▸ **Your task**
Retype, exactly as they appear below, the lines between the line holding "#60=AXIS2_PLACEMENT_3D('',#57,#58,#59);" and the line holding "#106=FACE_BOUND('',#105,.T.);", both ends included.

▸ **Material for the task**
________________________________________

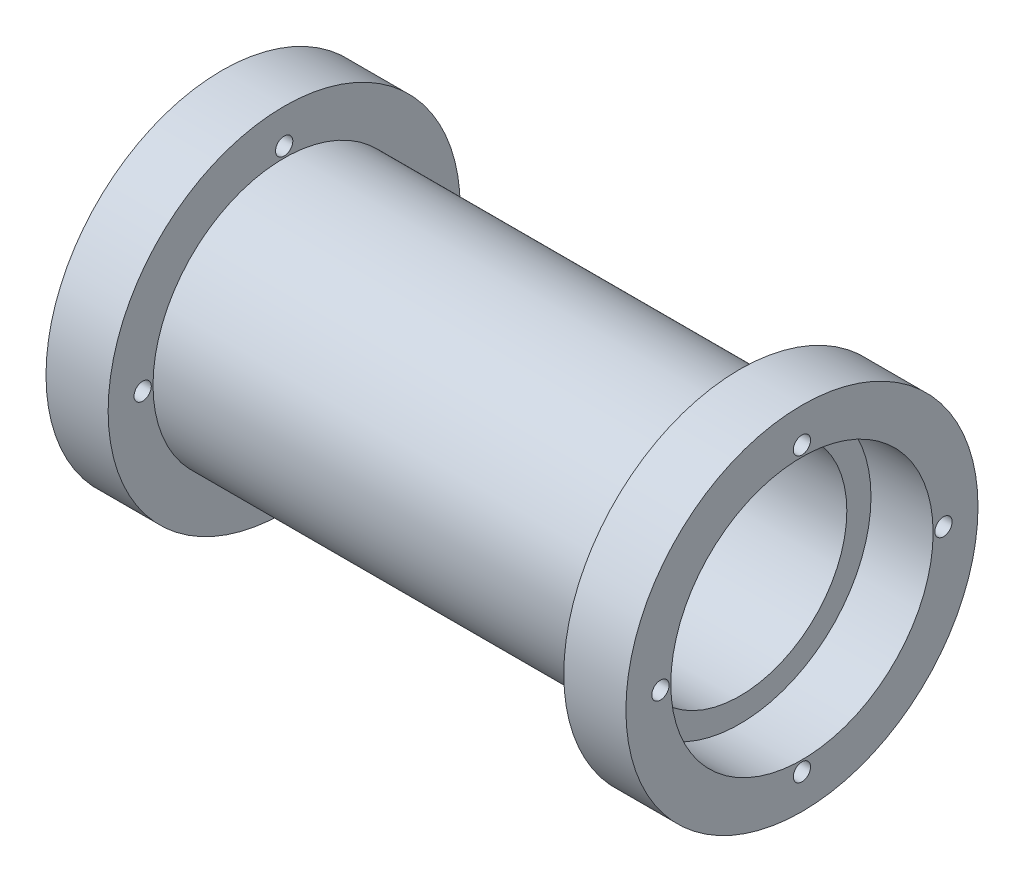
ISO-10303-21;
HEADER;
FILE_DESCRIPTION(('STEP AP214'),'2;1');
FILE_NAME('part.step','',(''),(''),'','','');
FILE_SCHEMA(('AUTOMOTIVE_DESIGN { 1 0 10303 214 1 1 1 1 }'));
ENDSEC;
DATA;
#1=APPLICATION_CONTEXT('core data for automotive mechanical design processes');
#2=APPLICATION_PROTOCOL_DEFINITION('international standard','automotive_design',2000,#1);
#3=PRODUCT_CONTEXT('',#1,'mechanical');
#4=PRODUCT('Part','Part','',(#3));
#5=PRODUCT_RELATED_PRODUCT_CATEGORY('part','',(#4));
#6=PRODUCT_DEFINITION_FORMATION('','',#4);
#7=PRODUCT_DEFINITION_CONTEXT('part definition',#1,'design');
#8=PRODUCT_DEFINITION('design','',#6,#7);
#9=PRODUCT_DEFINITION_SHAPE('','',#8);
#10=(LENGTH_UNIT() NAMED_UNIT(*) SI_UNIT(.MILLI.,.METRE.));
#11=(NAMED_UNIT(*) PLANE_ANGLE_UNIT() SI_UNIT($,.RADIAN.));
#12=(NAMED_UNIT(*) SI_UNIT($,.STERADIAN.) SOLID_ANGLE_UNIT());
#13=UNCERTAINTY_MEASURE_WITH_UNIT(LENGTH_MEASURE(1.E-05),#10,'distance_accuracy_value','');
#14=(GEOMETRIC_REPRESENTATION_CONTEXT(3) GLOBAL_UNCERTAINTY_ASSIGNED_CONTEXT((#13)) GLOBAL_UNIT_ASSIGNED_CONTEXT((#10,
#11,#12)) REPRESENTATION_CONTEXT('',''));
#15=CARTESIAN_POINT('',(0.,0.,0.));
#16=DIRECTION('',(0.,0.,1.));
#17=DIRECTION('',(1.,0.,0.));
#18=AXIS2_PLACEMENT_3D('',#15,#16,#17);
#19=CARTESIAN_POINT('',(168.,0.,0.));
#20=DIRECTION('',(1.,0.,0.));
#21=DIRECTION('',(0.,0.,-1.));
#22=AXIS2_PLACEMENT_3D('',#19,#20,#21);
#23=PLANE('',#22);
#24=CARTESIAN_POINT('',(168.,41.,0.));
#25=DIRECTION('',(1.,0.,0.));
#26=DIRECTION('',(0.,0.,-1.));
#27=AXIS2_PLACEMENT_3D('',#24,#25,#26);
#28=CIRCLE('',#27,2.5);
#29=CARTESIAN_POINT('',(168.,41.,-2.5));
#30=VERTEX_POINT('',#29);
#31=EDGE_CURVE('E68',#30,#30,#28,.F.);
#32=ORIENTED_EDGE('',*,*,#31,.T.);
#33=EDGE_LOOP('',(#32));
#34=FACE_BOUND('',#33,.T.);
#35=CARTESIAN_POINT('',(168.,1.15775850883181E-12,41.0000000000012));
#36=DIRECTION('',(1.,0.,0.));
#37=DIRECTION('',(0.,0.,-1.));
#38=AXIS2_PLACEMENT_3D('',#35,#36,#37);
#39=CIRCLE('',#38,2.5000000000009);
#40=CARTESIAN_POINT('',(168.,1.15775850883181E-12,38.5000000000003));
#41=VERTEX_POINT('',#40);
#42=EDGE_CURVE('E90',#41,#41,#39,.F.);
#43=ORIENTED_EDGE('',*,*,#42,.T.);
#44=EDGE_LOOP('',(#43));
#45=FACE_BOUND('',#44,.T.);
#46=CARTESIAN_POINT('',(168.,-41.,2.31551701766362E-12));
#47=DIRECTION('',(1.,0.,0.));
#48=DIRECTION('',(0.,0.,-1.));
#49=AXIS2_PLACEMENT_3D('',#46,#47,#48);
#50=CIRCLE('',#49,2.50000000000249);
#51=CARTESIAN_POINT('',(168.,-41.,-2.50000000000017));
#52=VERTEX_POINT('',#51);
#53=EDGE_CURVE('E87',#52,#52,#50,.F.);
#54=ORIENTED_EDGE('',*,*,#53,.T.);
#55=EDGE_LOOP('',(#54));
#56=FACE_BOUND('',#55,.T.);
#57=CARTESIAN_POINT('',(168.,-1.16277956070831E-12,-40.9999999999988));
#58=DIRECTION('',(1.,0.,0.));
#59=DIRECTION('',(0.,0.,-1.));
#60=AXIS2_PLACEMENT_3D('',#57,#58,#59);
#61=CIRCLE('',#60,2.50000000000186);
#62=CARTESIAN_POINT('',(168.,-1.16277956070831E-12,-43.5000000000007));
#63=VERTEX_POINT('',#62);
#64=EDGE_CURVE('E84',#63,#63,#61,.F.);
#65=ORIENTED_EDGE('',*,*,#64,.T.);
#66=EDGE_LOOP('',(#65));
#67=FACE_BOUND('',#66,.T.);
#68=CARTESIAN_POINT('',(168.,0.,0.));
#69=DIRECTION('',(1.,0.,0.));
#70=DIRECTION('',(0.,0.,-1.));
#71=AXIS2_PLACEMENT_3D('',#68,#69,#70);
#72=CIRCLE('',#71,51.);
#73=CARTESIAN_POINT('',(168.,0.,-51.));
#74=VERTEX_POINT('',#73);
#75=EDGE_CURVE('E11',#74,#74,#72,.T.);
#76=ORIENTED_EDGE('',*,*,#75,.T.);
#77=EDGE_LOOP('',(#76));
#78=FACE_BOUND('',#77,.T.);
#79=CARTESIAN_POINT('',(168.,0.,0.));
#80=DIRECTION('',(1.,0.,0.));
#81=DIRECTION('',(0.,0.,-1.));
#82=AXIS2_PLACEMENT_3D('',#79,#80,#81);
#83=CIRCLE('',#82,38.);
#84=CARTESIAN_POINT('',(168.,0.,-38.));
#85=VERTEX_POINT('',#84);
#86=EDGE_CURVE('E58',#85,#85,#83,.T.);
#87=ORIENTED_EDGE('',*,*,#86,.F.);
#88=EDGE_LOOP('',(#87));
#89=FACE_BOUND('',#88,.T.);
#90=ADVANCED_FACE('F45',(#34,#45,#56,#67,#78,#89),#23,.T.);
#91=CARTESIAN_POINT('',(150.,0.,0.));
#92=DIRECTION('',(1.,0.,0.));
#93=DIRECTION('',(0.,0.,-1.));
#94=AXIS2_PLACEMENT_3D('',#91,#92,#93);
#95=PLANE('',#94);
#96=CARTESIAN_POINT('',(150.,41.,0.));
#97=DIRECTION('',(1.,0.,0.));
#98=DIRECTION('',(0.,0.,-1.));
#99=AXIS2_PLACEMENT_3D('',#96,#97,#98);
#100=CIRCLE('',#99,2.5);
#101=CARTESIAN_POINT('',(150.,41.,-2.5));
#102=VERTEX_POINT('',#101);
#103=EDGE_CURVE('E49',#102,#102,#100,.T.);
#104=ORIENTED_EDGE('',*,*,#103,.T.);
#105=EDGE_LOOP('',(#104));
#106=FACE_BOUND('',#105,.T.);
#107=CARTESIAN_POINT('',(150.,1.15775850883181E-12,41.0000000000012));
#108=DIRECTION('',(1.,0.,0.));
#109=DIRECTION('',(0.,0.,-1.));
#110=AXIS2_PLACEMENT_3D('',#107,#108,#109);
#111=CIRCLE('',#110,2.5000000000009);
#112=CARTESIAN_POINT('',(150.,1.15775850883181E-12,38.5000000000003));
#113=VERTEX_POINT('',#112);
#114=EDGE_CURVE('E70',#113,#113,#111,.T.);
#115=ORIENTED_EDGE('',*,*,#114,.T.);
#116=EDGE_LOOP('',(#115));
#117=FACE_BOUND('',#116,.T.);
#118=CARTESIAN_POINT('',(150.,-41.,2.31551701766362E-12));
#119=DIRECTION('',(1.,0.,0.));
#120=DIRECTION('',(0.,0.,-1.));
#121=AXIS2_PLACEMENT_3D('',#118,#119,#120);
#122=CIRCLE('',#121,2.50000000000249);
#123=CARTESIAN_POINT('',(150.,-41.,-2.50000000000017));
#124=VERTEX_POINT('',#123);
#125=EDGE_CURVE('E67',#124,#124,#122,.T.);
#126=ORIENTED_EDGE('',*,*,#125,.T.);
#127=EDGE_LOOP('',(#126));
#128=FACE_BOUND('',#127,.T.);
#129=CARTESIAN_POINT('',(150.,-1.16277956070831E-12,-40.9999999999988));
#130=DIRECTION('',(1.,0.,0.));
#131=DIRECTION('',(0.,0.,-1.));
#132=AXIS2_PLACEMENT_3D('',#129,#130,#131);
#133=CIRCLE('',#132,2.50000000000186);
#134=CARTESIAN_POINT('',(150.,-1.16277956070831E-12,-43.5000000000007));
#135=VERTEX_POINT('',#134);
#136=EDGE_CURVE('E64',#135,#135,#133,.T.);
#137=ORIENTED_EDGE('',*,*,#136,.T.);
#138=EDGE_LOOP('',(#137));
#139=FACE_BOUND('',#138,.T.);
#140=CARTESIAN_POINT('',(150.,0.,0.));
#141=DIRECTION('',(1.,0.,0.));
#142=DIRECTION('',(0.,0.,-1.));
#143=AXIS2_PLACEMENT_3D('',#140,#141,#142);
#144=CIRCLE('',#143,51.);
#145=CARTESIAN_POINT('',(150.,0.,-51.));
#146=VERTEX_POINT('',#145);
#147=EDGE_CURVE('E53',#146,#146,#144,.T.);
#148=ORIENTED_EDGE('',*,*,#147,.F.);
#149=EDGE_LOOP('',(#148));
#150=FACE_BOUND('',#149,.T.);
#151=CARTESIAN_POINT('',(150.,0.,0.));
#152=DIRECTION('',(1.,0.,0.));
#153=DIRECTION('',(0.,0.,-1.));
#154=AXIS2_PLACEMENT_3D('',#151,#152,#153);
#155=CIRCLE('',#154,38.);
#156=CARTESIAN_POINT('',(150.,0.,-38.));
#157=VERTEX_POINT('',#156);
#158=EDGE_CURVE('E61',#157,#157,#155,.T.);
#159=ORIENTED_EDGE('',*,*,#158,.T.);
#160=EDGE_LOOP('',(#159));
#161=FACE_BOUND('',#160,.T.);
#162=ADVANCED_FACE('F110',(#106,#117,#128,#139,#150,#161),#95,.F.);
#163=CARTESIAN_POINT('',(168.,0.,0.));
#164=DIRECTION('',(-1.,0.,0.));
#165=DIRECTION('',(0.,0.,1.));
#166=AXIS2_PLACEMENT_3D('',#163,#164,#165);
#167=CYLINDRICAL_SURFACE('',#166,51.);
#168=ORIENTED_EDGE('',*,*,#75,.F.);
#169=EDGE_LOOP('',(#168));
#170=FACE_BOUND('',#169,.T.);
#171=ORIENTED_EDGE('',*,*,#147,.T.);
#172=EDGE_LOOP('',(#171));
#173=FACE_BOUND('',#172,.T.);
#174=ADVANCED_FACE('F47',(#170,#173),#167,.T.);
#175=CARTESIAN_POINT('',(168.,0.,0.));
#176=DIRECTION('',(-1.,0.,0.));
#177=DIRECTION('',(0.,0.,1.));
#178=AXIS2_PLACEMENT_3D('',#175,#176,#177);
#179=CYLINDRICAL_SURFACE('',#178,38.);
#180=ORIENTED_EDGE('',*,*,#86,.T.);
#181=EDGE_LOOP('',(#180));
#182=FACE_BOUND('',#181,.T.);
#183=ORIENTED_EDGE('',*,*,#158,.F.);
#184=EDGE_LOOP('',(#183));
#185=FACE_BOUND('',#184,.T.);
#186=ADVANCED_FACE('F116',(#182,#185),#179,.F.);
#187=CARTESIAN_POINT('',(175.071067811872,-1.16277956070831E-12,-40.9999999999988));
#188=DIRECTION('',(-1.,0.,0.));
#189=DIRECTION('',(0.,0.,1.));
#190=AXIS2_PLACEMENT_3D('',#187,#188,#189);
#191=CYLINDRICAL_SURFACE('',#190,2.50000000000186);
#192=ORIENTED_EDGE('',*,*,#64,.F.);
#193=EDGE_LOOP('',(#192));
#194=FACE_BOUND('',#193,.T.);
#195=ORIENTED_EDGE('',*,*,#136,.F.);
#196=EDGE_LOOP('',(#195));
#197=FACE_BOUND('',#196,.T.);
#198=ADVANCED_FACE('F119',(#194,#197),#191,.F.);
#199=CARTESIAN_POINT('',(175.071067811872,-41.,2.31551701766362E-12));
#200=DIRECTION('',(-1.,0.,0.));
#201=DIRECTION('',(0.,0.,1.));
#202=AXIS2_PLACEMENT_3D('',#199,#200,#201);
#203=CYLINDRICAL_SURFACE('',#202,2.50000000000249);
#204=ORIENTED_EDGE('',*,*,#53,.F.);
#205=EDGE_LOOP('',(#204));
#206=FACE_BOUND('',#205,.T.);
#207=ORIENTED_EDGE('',*,*,#125,.F.);
#208=EDGE_LOOP('',(#207));
#209=FACE_BOUND('',#208,.T.);
#210=ADVANCED_FACE('F106',(#206,#209),#203,.F.);
#211=CARTESIAN_POINT('',(175.071067811872,1.15775850883181E-12,41.0000000000012));
#212=DIRECTION('',(-1.,0.,0.));
#213=DIRECTION('',(0.,0.,1.));
#214=AXIS2_PLACEMENT_3D('',#211,#212,#213);
#215=CYLINDRICAL_SURFACE('',#214,2.5000000000009);
#216=ORIENTED_EDGE('',*,*,#42,.F.);
#217=EDGE_LOOP('',(#216));
#218=FACE_BOUND('',#217,.T.);
#219=ORIENTED_EDGE('',*,*,#114,.F.);
#220=EDGE_LOOP('',(#219));
#221=FACE_BOUND('',#220,.T.);
#222=ADVANCED_FACE('F101',(#218,#221),#215,.F.);
#223=CARTESIAN_POINT('',(175.071067811872,41.,0.));
#224=DIRECTION('',(-1.,0.,0.));
#225=DIRECTION('',(0.,0.,1.));
#226=AXIS2_PLACEMENT_3D('',#223,#224,#225);
#227=CYLINDRICAL_SURFACE('',#226,2.5);
#228=ORIENTED_EDGE('',*,*,#31,.F.);
#229=EDGE_LOOP('',(#228));
#230=FACE_BOUND('',#229,.T.);
#231=ORIENTED_EDGE('',*,*,#103,.F.);
#232=EDGE_LOOP('',(#231));
#233=FACE_BOUND('',#232,.T.);
#234=ADVANCED_FACE('F98',(#230,#233),#227,.F.);
#235=CLOSED_SHELL('',(#90,#162,#174,#186,#198,#210,#222,#234));
#236=MANIFOLD_SOLID_BREP('B2',#235);
#237=CARTESIAN_POINT('',(18.,0.,0.));
#238=DIRECTION('',(1.,0.,0.));
#239=DIRECTION('',(0.,0.,-1.));
#240=AXIS2_PLACEMENT_3D('',#237,#238,#239);
#241=PLANE('',#240);
#242=CARTESIAN_POINT('',(18.,41.,0.));
#243=DIRECTION('',(1.,0.,0.));
#244=DIRECTION('',(0.,0.,-1.));
#245=AXIS2_PLACEMENT_3D('',#242,#243,#244);
#246=CIRCLE('',#245,2.5);
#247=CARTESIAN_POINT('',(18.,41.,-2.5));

________________________________________

▸ **Exercise result**
#60=AXIS2_PLACEMENT_3D('',#57,#58,#59);
#61=CIRCLE('',#60,2.50000000000186);
#62=CARTESIAN_POINT('',(168.,-1.16277956070831E-12,-43.5000000000007));
#63=VERTEX_POINT('',#62);
#64=EDGE_CURVE('E84',#63,#63,#61,.F.);
#65=ORIENTED_EDGE('',*,*,#64,.T.);
#66=EDGE_LOOP('',(#65));
#67=FACE_BOUND('',#66,.T.);
#68=CARTESIAN_POINT('',(168.,0.,0.));
#69=DIRECTION('',(1.,0.,0.));
#70=DIRECTION('',(0.,0.,-1.));
#71=AXIS2_PLACEMENT_3D('',#68,#69,#70);
#72=CIRCLE('',#71,51.);
#73=CARTESIAN_POINT('',(168.,0.,-51.));
#74=VERTEX_POINT('',#73);
#75=EDGE_CURVE('E11',#74,#74,#72,.T.);
#76=ORIENTED_EDGE('',*,*,#75,.T.);
#77=EDGE_LOOP('',(#76));
#78=FACE_BOUND('',#77,.T.);
#79=CARTESIAN_POINT('',(168.,0.,0.));
#80=DIRECTION('',(1.,0.,0.));
#81=DIRECTION('',(0.,0.,-1.));
#82=AXIS2_PLACEMENT_3D('',#79,#80,#81);
#83=CIRCLE('',#82,38.);
#84=CARTESIAN_POINT('',(168.,0.,-38.));
#85=VERTEX_POINT('',#84);
#86=EDGE_CURVE('E58',#85,#85,#83,.T.);
#87=ORIENTED_EDGE('',*,*,#86,.F.);
#88=EDGE_LOOP('',(#87));
#89=FACE_BOUND('',#88,.T.);
#90=ADVANCED_FACE('F45',(#34,#45,#56,#67,#78,#89),#23,.T.);
#91=CARTESIAN_POINT('',(150.,0.,0.));
#92=DIRECTION('',(1.,0.,0.));
#93=DIRECTION('',(0.,0.,-1.));
#94=AXIS2_PLACEMENT_3D('',#91,#92,#93);
#95=PLANE('',#94);
#96=CARTESIAN_POINT('',(150.,41.,0.));
#97=DIRECTION('',(1.,0.,0.));
#98=DIRECTION('',(0.,0.,-1.));
#99=AXIS2_PLACEMENT_3D('',#96,#97,#98);
#100=CIRCLE('',#99,2.5);
#101=CARTESIAN_POINT('',(150.,41.,-2.5));
#102=VERTEX_POINT('',#101);
#103=EDGE_CURVE('E49',#102,#102,#100,.T.);
#104=ORIENTED_EDGE('',*,*,#103,.T.);
#105=EDGE_LOOP('',(#104));
#106=FACE_BOUND('',#105,.T.);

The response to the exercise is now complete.